> What is needed
Below are the records; pull every line that includes "with".

> Extracted records
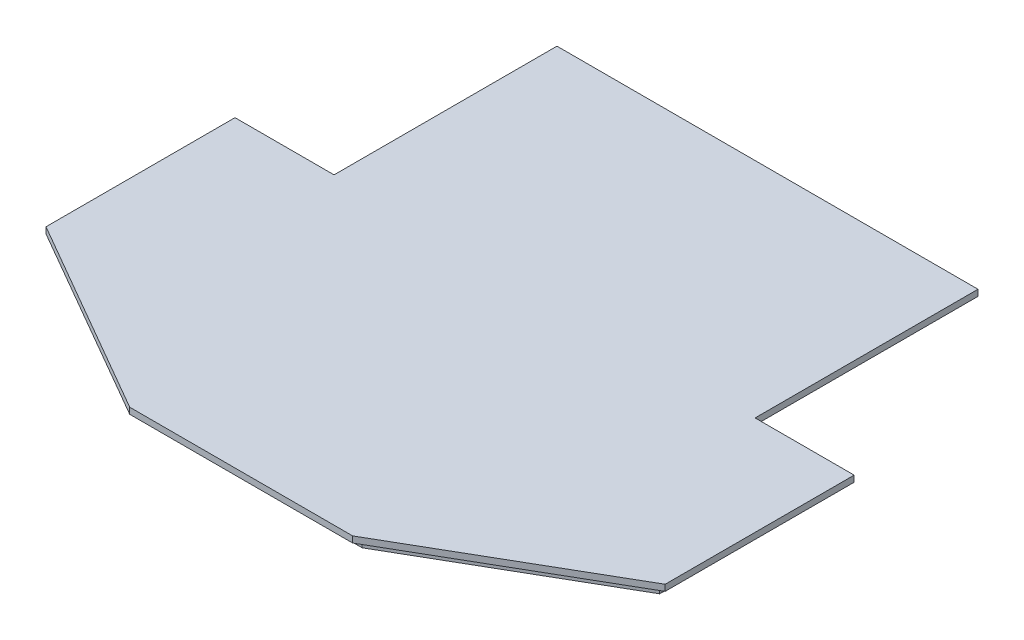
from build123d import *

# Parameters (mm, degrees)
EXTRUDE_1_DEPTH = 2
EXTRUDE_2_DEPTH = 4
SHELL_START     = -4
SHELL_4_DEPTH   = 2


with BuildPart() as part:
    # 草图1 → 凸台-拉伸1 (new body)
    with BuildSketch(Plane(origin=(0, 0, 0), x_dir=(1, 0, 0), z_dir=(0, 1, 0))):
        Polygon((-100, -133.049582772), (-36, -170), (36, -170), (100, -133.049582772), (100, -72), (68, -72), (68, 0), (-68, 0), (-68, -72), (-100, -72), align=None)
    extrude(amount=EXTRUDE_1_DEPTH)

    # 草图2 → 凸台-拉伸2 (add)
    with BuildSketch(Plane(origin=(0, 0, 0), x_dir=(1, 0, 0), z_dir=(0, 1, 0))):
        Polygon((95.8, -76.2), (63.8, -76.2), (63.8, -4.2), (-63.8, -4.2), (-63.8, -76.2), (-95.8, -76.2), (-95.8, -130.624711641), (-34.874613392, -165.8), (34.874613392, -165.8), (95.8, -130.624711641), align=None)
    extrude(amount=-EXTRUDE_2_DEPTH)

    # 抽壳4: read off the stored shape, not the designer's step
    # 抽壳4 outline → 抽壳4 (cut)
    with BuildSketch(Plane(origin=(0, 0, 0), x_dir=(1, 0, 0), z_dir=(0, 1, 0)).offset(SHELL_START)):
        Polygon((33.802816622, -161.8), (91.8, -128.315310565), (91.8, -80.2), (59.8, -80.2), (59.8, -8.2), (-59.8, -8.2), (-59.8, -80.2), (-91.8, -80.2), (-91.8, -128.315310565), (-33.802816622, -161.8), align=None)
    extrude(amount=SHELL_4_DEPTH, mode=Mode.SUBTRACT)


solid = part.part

> Answer to the exercise
with BuildPart() as part:
    with BuildSketch(Plane(origin=(0, 0, 0), x_dir=(1, 0, 0), z_dir=(0, 1, 0))):
    with BuildSketch(Plane(origin=(0, 0, 0), x_dir=(1, 0, 0), z_dir=(0, 1, 0))):
    with BuildSketch(Plane(origin=(0, 0, 0), x_dir=(1, 0, 0), z_dir=(0, 1, 0)).offset(SHELL_START)):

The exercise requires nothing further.